You might also like these low carb everything crackers.
Today I was thinking about something that I used to make years and years ago. It was lebnah, a creamy cheese spread you make from yogurt and something I learned from my father. He was not that adept in the kitchen so that is telling you how easy it is to make. <sigh>I miss him…he was a great dad.
Anyway, he would eat it with pita bread but since I’m trying to stay gluten free I remembered these easy cashew low carb crackers that I thought would go perfectly with the yogurt cheese spread.
They are super simple to make and only consist of cashews, eggs and spices so I don’t know why I don’t make them more often. My hubby loves them and they go quickly in our house.
Using Cashew Meal Or Flour
First you need some cashew meal, which is just ground up raw cashews. I buy a bag of this every time I go to Trader Joe’s because it’s cheap and convenient. But if I didn’t have any, I would just grind some raw cashews up in a food processor.
Easy Cashew Low Carb Crackers Recipe
Start by adding cashew meal to a bowl. Then add the egg whites and spices so that it makes a dough. For these crackers I used the same recipe as my Almond Thins recipe so I mixed in garlic powder, salt, pepper and onion powder.
Roll it out on a silpat or a piece of parchment paper. I usually spray a piece of wax paper with cooking spray and place on top because the dough is sticky. Then use a rolling pin to get it as thin and as even as possible.
I could have cleaned this up a bit before I took the picture. I could have cut the edges off to make it nice and straight. But then again I could have cleaned my whole house which REALLY needs it instead of making these crackers. 😉 So if you are more of a perfectionist than me, I’m sure you will do a better job at rolling and cutting these little crackers.
After you have it rolled out you want to score it with a pizza cutter. Just do it gently. The cut shouldn’t go all the way through the dough. Next, put the cookie sheet in a 325 degree oven for 12 -15 minutes. After 15 minutes, check to make sure they are not burning. Turn off the oven but keep them in there for another 20 or 30 minutes so that they get harder. Check every once in awhile to see that they aren’t burning.
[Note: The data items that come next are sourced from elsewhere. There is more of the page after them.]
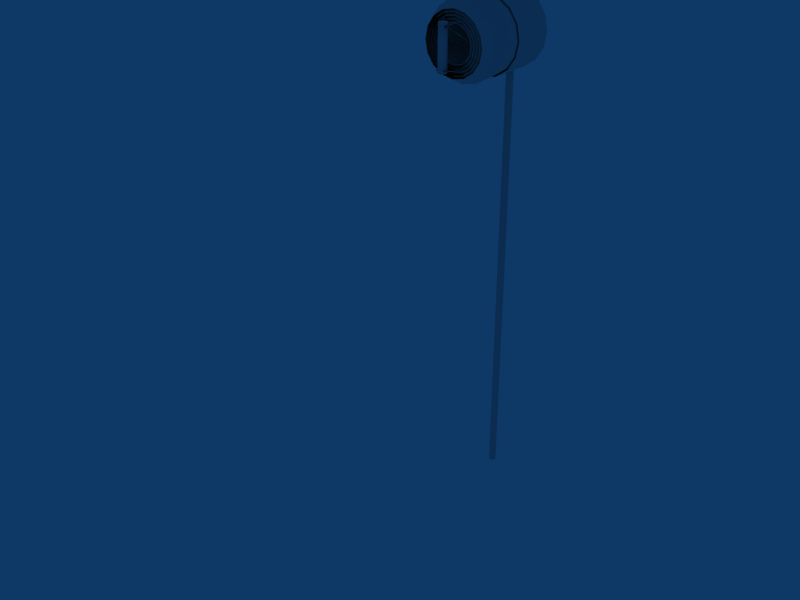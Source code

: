 # Source: connected.blend  (saved by Blender 2.45.0; exported with 4.5.12 LTS)
import bpy
from mathutils import Matrix  # noqa: F401  (used for matrix-valued properties, if any)

bpy.ops.wm.read_factory_settings(use_empty=True)
scene = bpy.context.scene
scene.name = 'Scene'

# ---- collections
col_collection_1 = bpy.data.collections.new('Collection 1'); scene.collection.children.link(col_collection_1)
col_collection_2 = bpy.data.collections.new('Collection 2'); scene.collection.children.link(col_collection_2)
col_collection_2.hide_render = True
col_collection_2.hide_viewport = True

# ---- world
world_world = bpy.data.worlds.new('World'); scene.world = world_world
world_world.color = (0.05656, 0.2208, 0.4)
world_world.use_sun_shadow = False
world_world.sun_shadow_jitter_overblur = 0.0
world_world.cycles.sampling_method = 'MANUAL'
world_world.cycles.sample_map_resolution = 256

# ---- meshes
me_tube_006 = bpy.data.meshes.new('Tube.006')
me_tube_006.from_pydata([(0.1838, 0.1838, 0.15), (0.2402, 0.0995, 0.15), (0.26, -3.139e-07, 0.15), (0.2402, -0.0995, 0.15), (0.1838, -0.1838, 0.15), (0.0995, -0.2402, 0.15), (-5.24e-07, -0.26, 0.15), (-0.0995, -0.2402, 0.15), (-0.1838, -0.1838, 0.15), (-0.2402, -0.0995, 0.15), (-0.26, 6.903e-07, 0.15), (-0.2402, 0.0995, 0.15), (-0.1838, 0.1838, 0.15), (-0.0995, 0.2402, 0.15), (8.129e-07, 0.26, 0.15), (0.0995, 0.2402, 0.15), (0.1838, 0.1838, -0.15), (0.2402, 0.0995, -0.15), (0.2402, -0.0995, -0.15), (0.1838, -0.1838, -0.15), (0.0995, -0.2402, -0.15), (-5.109e-07, -0.26, -0.15), (-0.0995, -0.2402, -0.15), (-0.1838, -0.1838, -0.15), (-0.2402, -0.0995, -0.15), (-0.2402, 0.0995, -0.15), (-0.1838, 0.1838, -0.15), (-0.0995, 0.2402, -0.15), (8.26e-07, 0.26, -0.15), (0.0995, 0.2402, -0.15), (0.26, -2.597e-07, -0.15), (-0.26, 6.45e-07, -0.15)], [], [(16, 0, 1, 17), (2, 30, 17, 1), (3, 18, 30, 2), (4, 19, 18, 3), (5, 20, 19, 4), (6, 21, 20, 5), (7, 22, 21, 6), (8, 23, 22, 7), (9, 24, 23, 8), (10, 31, 24, 9), (11, 25, 31, 10), (12, 26, 25, 11), (13, 27, 26, 12), (14, 28, 27, 13), (15, 29, 28, 14), (15, 0, 16, 29)])
me_tube_006.polygons.foreach_set('use_smooth', [True] * 16)
_uv = me_tube_006.uv_layers.new(name='UVTex')
_uv.uv.foreach_set('vector', [0.15, 0.85, 0.15, 0.65, 0.35, 0.65, 0.35, 0.85, 0.15, 0.85, 0.15, 0.65, 0.35, 0.65, 0.35, 0.85, 0.15, 0.85, 0.15, 0.65, 0.35, 0.65, 0.35, 0.85, 0.15, 0.85, 0.15, 0.65, 0.35, 0.65, 0.35, 0.85, 0.15, 0.85, 0.15, 0.65, 0.35, 0.65, 0.35, 0.85, 0.15, 0.85, 0.15, 0.65, 0.35, 0.65, 0.35, 0.85, 0.15, 0.85, 0.15, 0.65, 0.35, 0.65, 0.35, 0.85, 0.15, 0.85, 0.15, 0.65, 0.35, 0.65, 0.35, 0.85, 0.15, 0.85, 0.15, 0.65, 0.35, 0.65, 0.35, 0.85, 0.15, 0.85, 0.15, 0.65, 0.35, 0.65, 0.35, 0.85, 0.15, 0.85, 0.15, 0.65, 0.35, 0.65, 0.35, 0.85, 0.15, 0.85, 0.15, 0.65, 0.35, 0.65, 0.35, 0.85, 0.15, 0.85, 0.15, 0.65, 0.35, 0.65, 0.35, 0.85, 0.15, 0.85, 0.15, 0.65, 0.35, 0.65, 0.35, 0.85, 0.15, 0.85, 0.15, 0.65, 0.35, 0.65, 0.35, 0.85, 0.15, 0.85, 0.15, 0.65, 0.35, 0.65, 0.35, 0.85])
me_tube_006.use_remesh_preserve_volume = False
me_tube_006.use_remesh_preserve_attributes = False
me_tube_006.use_mirror_vertex_groups = False
me_tube_006.update()
me_tube = bpy.data.meshes.new('Tube')
me_tube.from_pydata([(0.1838, 0.1838, 0.3085), (0.2402, 0.0995, 0.3085), (0.26, -3.285e-07, 0.3085), (0.2402, -0.0995, 0.3085), (0.1838, -0.1838, 0.3085), (0.0995, -0.2402, 0.3085), (-5.287e-07, -0.26, 0.3085), (-0.0995, -0.2402, 0.3085), (-0.1838, -0.1838, 0.3085), (-0.2402, -0.0995, 0.3085), (-0.26, 6.757e-07, 0.3085), (-0.2402, 0.0995, 0.3085), (-0.1838, 0.1838, 0.3085), (-0.0995, 0.2402, 0.3085), (8.082e-07, 0.26, 0.3085), (0.0995, 0.2402, 0.3085), (0.2162, 0.08955, -0.1915), (0.1655, 0.1655, -0.1915), (0.2162, -0.08955, -0.1915), (0.1655, -0.1655, -0.1915), (0.08955, -0.2162, -0.1915), (-4.025e-07, -0.234, -0.1915), (-0.08955, -0.2162, -0.1915), (-0.1655, -0.1655, -0.1915), (-0.2162, -0.08955, -0.1915), (-0.2162, 0.08955, -0.1915), (-0.1655, 0.1655, -0.1915), (-0.08955, 0.2162, -0.1915), (6.8e-07, 0.234, -0.1915), (0.08955, 0.2162, -0.1915), (-0.234, 4.699e-07, -0.1915), (0.234, -2.591e-07, -0.1915), (0.1471, 0.1471, 0.4085), (0.1922, 0.0796, 0.4085), (0.208, -2.87e-07, 0.4085), (0.1922, -0.0796, 0.4085), (0.1471, -0.1471, 0.4085), (0.0796, -0.1922, 0.4085), (-4.436e-07, -0.208, 0.4085), (-0.0796, -0.1922, 0.4085), (-0.1471, -0.1471, 0.4085), (-0.1922, -0.0796, 0.4085), (-0.208, 5.163e-07, 0.4085), (-0.1922, 0.0796, 0.4085), (-0.1471, 0.1471, 0.4085), (-0.0796, 0.1922, 0.4085), (6.259e-07, 0.208, 0.4085), (0.0796, 0.1922, 0.4085)], [], [(17, 0, 1, 16), (16, 1, 2, 31), (31, 2, 3, 18), (18, 3, 4, 19), (19, 4, 5, 20), (20, 5, 6, 21), (21, 6, 7, 22), (22, 7, 8, 23), (23, 8, 9, 24), (24, 9, 10, 30), (30, 10, 11, 25), (25, 11, 12, 26), (26, 12, 13, 27), (27, 13, 14, 28), (28, 14, 15, 29), (0, 17, 29, 15), (1, 0, 32, 33), (2, 1, 33, 34), (3, 2, 34, 35), (4, 3, 35, 36), (5, 4, 36, 37), (6, 5, 37, 38), (7, 6, 38, 39), (8, 7, 39, 40), (9, 8, 40, 41), (10, 9, 41, 42), (11, 10, 42, 43), (12, 11, 43, 44), (13, 12, 44, 45), (14, 13, 45, 46), (15, 14, 46, 47), (0, 15, 47, 32)])
me_tube.polygons.foreach_set('use_smooth', [True] * 32)
_uv = me_tube.uv_layers.new(name='UVTex')
_uv.uv.foreach_set('vector', [0.65, 0.85, 0.65, 0.65, 0.85, 0.65, 0.85, 0.85, 0.65, 0.85, 0.65, 0.65, 0.85, 0.65, 0.85, 0.85, 0.65, 0.85, 0.65, 0.65, 0.85, 0.65, 0.85, 0.85, 0.65, 0.85, 0.65, 0.65, 0.85, 0.65, 0.85, 0.85, 0.65, 0.85, 0.65, 0.65, 0.85, 0.65, 0.85, 0.85, 0.65, 0.85, 0.65, 0.65, 0.85, 0.65, 0.85, 0.85, 0.65, 0.85, 0.65, 0.65, 0.85, 0.65, 0.85, 0.85, 0.65, 0.85, 0.65, 0.65, 0.85, 0.65, 0.85, 0.85, 0.65, 0.85, 0.65, 0.65, 0.85, 0.65, 0.85, 0.85, 0.65, 0.85, 0.65, 0.65, 0.85, 0.65, 0.85, 0.85, 0.65, 0.85, 0.65, 0.65, 0.85, 0.65, 0.85, 0.85, 0.65, 0.85, 0.65, 0.65, 0.85, 0.65, 0.85, 0.85, 0.65, 0.85, 0.65, 0.65, 0.85, 0.65, 0.85, 0.85, 0.65, 0.85, 0.65, 0.65, 0.85, 0.65, 0.85, 0.85, 0.65, 0.85, 0.65, 0.65, 0.85, 0.65, 0.85, 0.85, 0.65, 0.85, 0.65, 0.65, 0.85, 0.65, 0.85, 0.85, 0.65, 0.85, 0.65, 0.65, 0.85, 0.65, 0.85, 0.85, 0.65, 0.85, 0.65, 0.65, 0.85, 0.65, 0.85, 0.85, 0.65, 0.85, 0.65, 0.65, 0.85, 0.65, 0.85, 0.85, 0.65, 0.85, 0.65, 0.65, 0.85, 0.65, 0.85, 0.85, 0.65, 0.85, 0.65, 0.65, 0.85, 0.65, 0.85, 0.85, 0.65, 0.85, 0.65, 0.65, 0.85, 0.65, 0.85, 0.85, 0.65, 0.85, 0.65, 0.65, 0.85, 0.65, 0.85, 0.85, 0.65, 0.85, 0.65, 0.65, 0.85, 0.65, 0.85, 0.85, 0.65, 0.85, 0.65, 0.65, 0.85, 0.65, 0.85, 0.85, 0.65, 0.85, 0.65, 0.65, 0.85, 0.65, 0.85, 0.85, 0.65, 0.85, 0.65, 0.65, 0.85, 0.65, 0.85, 0.85, 0.65, 0.85, 0.65, 0.65, 0.85, 0.65, 0.85, 0.85, 0.65, 0.85, 0.65, 0.65, 0.85, 0.65, 0.85, 0.85, 0.65, 0.85, 0.65, 0.65, 0.85, 0.65, 0.85, 0.85, 0.65, 0.85, 0.65, 0.65, 0.85, 0.65, 0.85, 0.85, 0.65, 0.85, 0.65, 0.65, 0.85, 0.65, 0.85, 0.85])
me_tube.use_remesh_preserve_volume = False
me_tube.use_remesh_preserve_attributes = False
me_tube.use_mirror_vertex_groups = False
me_tube.update()
me_tube_004 = bpy.data.meshes.new('Tube.004')
me_tube_004.from_pydata([(0.08955, 0.2162, 0.25), (0.0796, 0.1922, -0.25), (6.699e-07, 0.234, 0.25), (5.417e-07, 0.208, -0.25), (-0.08955, 0.2162, 0.25), (-0.0796, 0.1922, -0.25), (-0.1655, 0.1655, 0.25), (-0.1471, 0.1471, -0.25), (-0.2162, 0.08955, 0.25), (-0.1922, 0.0796, -0.25), (-0.234, 5.5e-07, 0.25), (-0.2162, -0.08955, 0.25), (-0.1922, -0.0796, -0.25), (-0.1655, -0.1655, 0.25), (-0.1471, -0.1471, -0.25), (-0.08955, -0.2162, 0.25), (-0.0796, -0.1922, -0.25), (-4.127e-07, -0.234, 0.25), (-2.865e-07, -0.208, -0.25), (0.08955, -0.2162, 0.25), (0.0796, -0.1922, -0.25), (0.1655, -0.1655, 0.25), (0.1471, -0.1471, -0.25), (0.2162, -0.08955, 0.25), (0.1922, -0.0796, -0.25), (0.234, -2.549e-07, 0.25), (0.1655, 0.1655, 0.25), (0.1471, 0.1471, -0.25), (0.2162, 0.08955, 0.25), (0.1922, 0.0796, -0.25), (-0.208, 3.84e-07, -0.25), (0.208, -2.242e-07, -0.25), (0.07164, 0.173, 0.35), (0.1324, 0.1324, 0.35), (5.132e-07, 0.1872, 0.35), (-0.07164, 0.173, 0.35), (-0.1324, 0.1324, 0.35), (-0.173, 0.07164, 0.35), (-0.1872, 4.618e-07, 0.35), (-0.173, -0.07164, 0.35), (-0.1324, -0.1324, 0.35), (-0.07164, -0.173, 0.35), (-3.528e-07, -0.1872, 0.35), (0.07164, -0.173, 0.35), (0.1324, -0.1324, 0.35), (0.173, -0.07164, 0.35), (0.1872, -1.821e-07, 0.35), (0.173, 0.07164, 0.35)], [], [(1, 0, 26, 27), (0, 1, 3, 2), (5, 4, 2, 3), (7, 6, 4, 5), (9, 8, 6, 7), (30, 10, 8, 9), (12, 11, 10, 30), (14, 13, 11, 12), (16, 15, 13, 14), (18, 17, 15, 16), (20, 19, 17, 18), (22, 21, 19, 20), (24, 23, 21, 22), (31, 25, 23, 24), (29, 28, 25, 31), (27, 26, 28, 29), (26, 0, 32, 33), (0, 2, 34, 32), (2, 4, 35, 34), (4, 6, 36, 35), (6, 8, 37, 36), (8, 10, 38, 37), (10, 11, 39, 38), (11, 13, 40, 39), (13, 15, 41, 40), (15, 17, 42, 41), (17, 19, 43, 42), (19, 21, 44, 43), (21, 23, 45, 44), (23, 25, 46, 45), (25, 28, 47, 46), (28, 26, 33, 47)])
me_tube_004.polygons.foreach_set('use_smooth', [True] * 32)
_uv = me_tube_004.uv_layers.new(name='UVTex')
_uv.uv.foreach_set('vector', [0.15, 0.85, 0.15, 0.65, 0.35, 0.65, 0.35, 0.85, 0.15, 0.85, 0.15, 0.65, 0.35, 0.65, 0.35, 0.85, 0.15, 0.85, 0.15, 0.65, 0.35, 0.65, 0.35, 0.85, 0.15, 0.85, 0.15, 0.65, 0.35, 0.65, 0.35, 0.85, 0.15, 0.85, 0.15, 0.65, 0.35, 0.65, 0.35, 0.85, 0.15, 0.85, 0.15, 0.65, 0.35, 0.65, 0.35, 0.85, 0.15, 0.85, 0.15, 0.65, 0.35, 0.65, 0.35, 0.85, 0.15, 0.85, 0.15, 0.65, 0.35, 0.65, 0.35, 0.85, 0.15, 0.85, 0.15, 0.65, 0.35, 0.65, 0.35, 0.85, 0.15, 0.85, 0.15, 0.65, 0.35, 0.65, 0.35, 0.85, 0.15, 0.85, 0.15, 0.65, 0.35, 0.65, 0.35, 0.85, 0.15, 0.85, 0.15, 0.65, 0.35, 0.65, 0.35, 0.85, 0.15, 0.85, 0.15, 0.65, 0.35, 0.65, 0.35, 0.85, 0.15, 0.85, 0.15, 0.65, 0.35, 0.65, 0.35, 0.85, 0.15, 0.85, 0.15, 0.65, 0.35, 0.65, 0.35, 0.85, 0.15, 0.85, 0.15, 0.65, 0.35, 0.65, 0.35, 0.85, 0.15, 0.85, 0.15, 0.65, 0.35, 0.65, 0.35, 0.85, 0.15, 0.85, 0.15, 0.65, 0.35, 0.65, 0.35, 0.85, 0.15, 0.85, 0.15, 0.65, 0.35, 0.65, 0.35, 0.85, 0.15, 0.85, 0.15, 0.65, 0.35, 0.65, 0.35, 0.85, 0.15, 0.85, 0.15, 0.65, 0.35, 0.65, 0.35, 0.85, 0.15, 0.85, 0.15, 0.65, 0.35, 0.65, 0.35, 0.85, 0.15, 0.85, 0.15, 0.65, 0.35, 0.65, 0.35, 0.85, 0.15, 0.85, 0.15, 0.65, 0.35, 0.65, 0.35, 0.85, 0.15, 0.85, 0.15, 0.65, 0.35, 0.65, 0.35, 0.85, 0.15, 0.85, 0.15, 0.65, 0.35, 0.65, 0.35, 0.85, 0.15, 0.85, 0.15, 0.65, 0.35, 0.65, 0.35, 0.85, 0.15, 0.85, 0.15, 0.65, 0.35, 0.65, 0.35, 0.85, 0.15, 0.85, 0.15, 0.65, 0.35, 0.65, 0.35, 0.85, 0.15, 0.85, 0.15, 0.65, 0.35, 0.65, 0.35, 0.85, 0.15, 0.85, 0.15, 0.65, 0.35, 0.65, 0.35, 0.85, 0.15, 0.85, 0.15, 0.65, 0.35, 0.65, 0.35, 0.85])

You probably can’t even tell from this photo that they are done, but they are. You can keep them in longer if you like them crispier. Just keep checking. And here is the final product.
The cashew meal gives these low carb crackers a bit of sweetness and the spices add a savory flavor. If you like cashews, you are sure to enjoy these crackers and best of all, if you ate 10 crackers (I made 40 in the whole batch) it would only be:
126 calories / 9g fat / 5.3g net carbs / 5.2g protein
These will go perfectly with my Sun Dried Tomato & Herb Yogurt Cheese which is only 1 WW point per ¼ cup. 10 of these crackers equals 3 WW points
Easy Cashew Crackers (grain free)
These cashew crackers are so easy and they are grain free. All you need are cashews, egg whites and spices to make this low carb and tasty cracker.
- ¾ cup cashew meal
- 1 egg white
- ⅛ teaspoon garlic powder
- ⅛ teaspoon onion powder
- ¼ salt
- ¼ pepper
Preheat your oven to 325 degrees.
In a bowl mix all your ingredients to make a dough.
Roll out your dough on a silpat lined cookie sheet or a parchment lined cookie sheet.
I use a piece of wax paper sprayed with cooking sheet and place on top of the dough and roll out with a rolling pin.
Try to get your dough as thin and as even as possible.
Score your dough with a pizza cutter but be carefully not to cut all the way through.
Bake for 12-15 minutes and then turn off the oven.
Keep the crackers in the oven for an additional 20-30 minutes until they are hard enough.
Pull off the outside crackers if they start to get too brown.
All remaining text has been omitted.